# Toronto results



## Erik (Mar 9, 2008)

I just got some inside info that Harris won with 13.75
Momonga got 17/18 multiblind by 3 corners 
more will come


----------



## ccchips296 (Mar 9, 2008)

oh wow, momonga got 17/18 multi?! thats really good. well i know harris could have done much better but oh well =)


----------



## ccchips296 (Mar 9, 2008)

oops, double post. i wish harris broke some records any way


----------



## hait2 (Mar 9, 2008)

i wanted to go but this snowstorm screwed me up
bleh


----------



## Jai (Mar 9, 2008)

Harris won with a 13, but his first round average was 12.27, which would place him 3rd in the world for 3x3 average. He didn't get any sub-10s , though.  I'm surprised he didn't , I had so many amazing solves because of easy X-crosses.
Oh, and Rowe Hessler got 1.17.xx for BLD.
I just got back from the competition, we have a snowstorm going on right now (~20cm of snow), it was murder trying to get back.


----------



## Lotsofsloths (Mar 9, 2008)

Aww.. come on Harris, you could've done better.


----------



## Harris Chan (Mar 9, 2008)

I did get 12.27 on the first round  
And non lucky 18.31 for OH, but Rowe got 16.xx PLL skipped -.-

Derrick did really well in the finals too, getting 13.80 average! I almost lost!! Lol.

It was pretty fun, a few "mystery events" (fastest scrambler, doing math calculations, finding words)


----------



## Lotsofsloths (Mar 9, 2008)

Harris Chan said:


> I did get 12.27 on the first round
> And non lucky 18.31 for OH, but Rowe got 16.xx PLL skipped -.-
> 
> Derrick did really well in the finals too, getting 13.80 average! I almost lost!! Lol.
> ...



Sweet, when the next comp.m your going to Harris?
You need to come to one in the US one time..


----------



## Harris Chan (Mar 9, 2008)

There's going to be another comp in Canada, called "Canadian Classic", in April 19th. I heard that there are going to be less events in this one though, more "social activities"


----------



## Lotsofsloths (Mar 9, 2008)

Oh, thats sucky.
You ever gonna go to any US ones?


----------



## Ethan Rosen (Mar 9, 2008)

I heard that the candadian open will be on May 17th. Theres a chance of me going


----------



## Dene (Mar 9, 2008)

Well done on the great average Harris!


----------



## ccchips296 (Mar 9, 2008)

oh wow, so harris got a 12.27 average in one of the rounds? thats heaps good, great job


----------



## Lofty (Mar 9, 2008)

whoa Harris!
When did you get so fast at OH, nice time!


----------



## Rama (Mar 9, 2008)

Harris Chan said:


> I did get 12.27 on the first round
> And non lucky 18.31 for OH, but Rowe got 16.xx PLL skipped -.-



Am I the only one who did non skipped sub 17!? 

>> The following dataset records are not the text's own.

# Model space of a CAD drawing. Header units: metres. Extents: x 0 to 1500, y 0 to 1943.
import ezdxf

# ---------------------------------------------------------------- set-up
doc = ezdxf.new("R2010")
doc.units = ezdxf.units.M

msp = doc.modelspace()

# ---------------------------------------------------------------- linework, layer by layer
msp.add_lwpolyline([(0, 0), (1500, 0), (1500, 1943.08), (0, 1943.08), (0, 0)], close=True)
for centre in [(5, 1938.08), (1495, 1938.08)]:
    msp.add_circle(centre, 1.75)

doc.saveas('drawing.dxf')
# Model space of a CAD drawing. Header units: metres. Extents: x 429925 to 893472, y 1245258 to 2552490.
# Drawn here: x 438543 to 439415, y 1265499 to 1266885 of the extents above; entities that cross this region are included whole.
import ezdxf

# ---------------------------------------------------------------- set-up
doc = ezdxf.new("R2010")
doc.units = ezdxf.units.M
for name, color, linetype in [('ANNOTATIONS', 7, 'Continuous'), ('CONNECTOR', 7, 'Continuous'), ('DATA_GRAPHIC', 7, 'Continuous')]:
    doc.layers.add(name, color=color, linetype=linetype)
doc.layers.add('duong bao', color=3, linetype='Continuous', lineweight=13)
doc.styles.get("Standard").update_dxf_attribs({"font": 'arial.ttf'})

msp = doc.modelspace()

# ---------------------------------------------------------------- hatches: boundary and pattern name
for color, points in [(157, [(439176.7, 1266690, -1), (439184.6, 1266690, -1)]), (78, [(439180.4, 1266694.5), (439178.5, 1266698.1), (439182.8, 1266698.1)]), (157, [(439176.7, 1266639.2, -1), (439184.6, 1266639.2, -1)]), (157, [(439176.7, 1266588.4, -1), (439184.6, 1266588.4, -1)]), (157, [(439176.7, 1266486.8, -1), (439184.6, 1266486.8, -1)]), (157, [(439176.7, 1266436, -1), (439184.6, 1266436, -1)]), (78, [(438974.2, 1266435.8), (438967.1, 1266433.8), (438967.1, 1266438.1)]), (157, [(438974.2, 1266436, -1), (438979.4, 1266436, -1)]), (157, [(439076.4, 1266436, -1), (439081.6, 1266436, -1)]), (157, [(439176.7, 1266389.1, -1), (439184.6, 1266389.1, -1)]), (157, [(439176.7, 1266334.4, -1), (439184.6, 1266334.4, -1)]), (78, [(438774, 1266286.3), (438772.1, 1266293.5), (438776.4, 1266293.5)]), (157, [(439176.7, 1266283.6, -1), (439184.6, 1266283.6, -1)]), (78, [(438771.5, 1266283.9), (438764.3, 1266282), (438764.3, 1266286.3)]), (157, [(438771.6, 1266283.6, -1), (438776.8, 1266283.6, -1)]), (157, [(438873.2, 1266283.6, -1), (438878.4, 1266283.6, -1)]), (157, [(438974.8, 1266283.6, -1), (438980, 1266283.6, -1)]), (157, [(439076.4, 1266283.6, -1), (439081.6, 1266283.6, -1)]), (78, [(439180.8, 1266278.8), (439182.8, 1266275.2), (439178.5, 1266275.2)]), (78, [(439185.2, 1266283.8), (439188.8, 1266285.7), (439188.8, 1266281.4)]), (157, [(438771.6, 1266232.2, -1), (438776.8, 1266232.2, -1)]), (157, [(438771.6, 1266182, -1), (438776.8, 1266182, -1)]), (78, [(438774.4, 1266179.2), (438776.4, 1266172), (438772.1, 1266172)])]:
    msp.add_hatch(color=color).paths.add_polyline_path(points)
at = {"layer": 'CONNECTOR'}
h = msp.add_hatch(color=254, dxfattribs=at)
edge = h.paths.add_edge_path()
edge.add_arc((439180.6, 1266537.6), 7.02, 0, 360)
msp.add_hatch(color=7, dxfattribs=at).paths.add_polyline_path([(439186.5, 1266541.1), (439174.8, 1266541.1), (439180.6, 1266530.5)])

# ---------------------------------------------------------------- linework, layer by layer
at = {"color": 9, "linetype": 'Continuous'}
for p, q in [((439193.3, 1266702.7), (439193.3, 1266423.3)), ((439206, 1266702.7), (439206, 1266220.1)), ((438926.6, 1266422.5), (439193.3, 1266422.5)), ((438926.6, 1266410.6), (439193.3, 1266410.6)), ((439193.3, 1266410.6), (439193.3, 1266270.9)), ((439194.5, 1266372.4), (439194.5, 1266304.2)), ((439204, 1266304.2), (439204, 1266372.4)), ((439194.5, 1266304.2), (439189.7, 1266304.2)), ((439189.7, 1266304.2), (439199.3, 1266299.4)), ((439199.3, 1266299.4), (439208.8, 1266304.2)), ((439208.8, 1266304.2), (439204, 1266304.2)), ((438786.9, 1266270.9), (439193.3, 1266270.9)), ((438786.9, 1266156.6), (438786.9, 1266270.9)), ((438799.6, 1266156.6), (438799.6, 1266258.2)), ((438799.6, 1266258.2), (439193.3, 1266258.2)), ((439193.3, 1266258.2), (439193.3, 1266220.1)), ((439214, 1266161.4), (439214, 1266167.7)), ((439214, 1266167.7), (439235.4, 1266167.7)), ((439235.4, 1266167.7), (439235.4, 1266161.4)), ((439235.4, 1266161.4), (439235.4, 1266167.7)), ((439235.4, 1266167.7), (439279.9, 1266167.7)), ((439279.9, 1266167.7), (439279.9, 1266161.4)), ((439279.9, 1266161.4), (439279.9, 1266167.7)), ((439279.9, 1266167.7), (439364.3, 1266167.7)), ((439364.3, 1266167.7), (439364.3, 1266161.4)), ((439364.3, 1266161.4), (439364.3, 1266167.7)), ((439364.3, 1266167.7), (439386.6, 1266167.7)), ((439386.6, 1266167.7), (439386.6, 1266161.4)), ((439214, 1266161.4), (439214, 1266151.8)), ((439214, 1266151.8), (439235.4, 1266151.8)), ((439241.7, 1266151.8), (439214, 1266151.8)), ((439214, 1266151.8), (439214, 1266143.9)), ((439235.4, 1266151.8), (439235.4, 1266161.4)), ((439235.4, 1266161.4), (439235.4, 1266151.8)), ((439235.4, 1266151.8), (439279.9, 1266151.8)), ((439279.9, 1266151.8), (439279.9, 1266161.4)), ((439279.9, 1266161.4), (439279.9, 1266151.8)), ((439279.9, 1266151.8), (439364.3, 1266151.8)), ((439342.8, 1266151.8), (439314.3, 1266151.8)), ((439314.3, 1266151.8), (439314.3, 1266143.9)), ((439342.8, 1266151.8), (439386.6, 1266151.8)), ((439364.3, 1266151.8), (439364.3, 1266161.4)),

Anyway congratulations to all, but too bad for Momonga.


----------



## Swordsman Kirby (Mar 9, 2008)

Lotsofsloths said:


> Aww.. come on Harris, you could've done better.



So can everyone.  I should have a sub-15 average in comp by now...


----------



## DennisStrehlau (Mar 9, 2008)

oh ryosuke...thats really bad...i am sorry

by the way: what did Derrick do in multi...did he get the 7 cubes???

Greetings...Dennis...


----------



## Jai (Mar 9, 2008)

I think Derrick got 5/7 or 4/7 or something. All I know for sure is that he didn't get them all.



Ethan Rosen said:


> I heard that the candadian open will be on May 17th. Theres a chance of me going


There's no Canadian Open this year, we're gonna have the CanadianCUBING Classic in April instead.


----------



## alexc (Mar 9, 2008)

Wow, 17/18!!!!!! Why did he do so many, he only need to do +10 for WR.


----------



## joey (Mar 9, 2008)

alexc said:


> Wow, 17/18!!!!!! Why did he do so many, he only need to do +10 for WR.



Wait? Isn't 18 including in +10?? Unless I'm mistaken it is


----------



## VooX (Mar 9, 2008)

joey said:


> alexc said:
> 
> 
> > Wow, 17/18!!!!!! Why did he do so many, he only need to do +10 for WR.
> ...



The way I understand it, a BLD cuber has to declare how many cubes they will solve and then solve that many cubes. Any unsolved cubes and the competitor gets a DNF. 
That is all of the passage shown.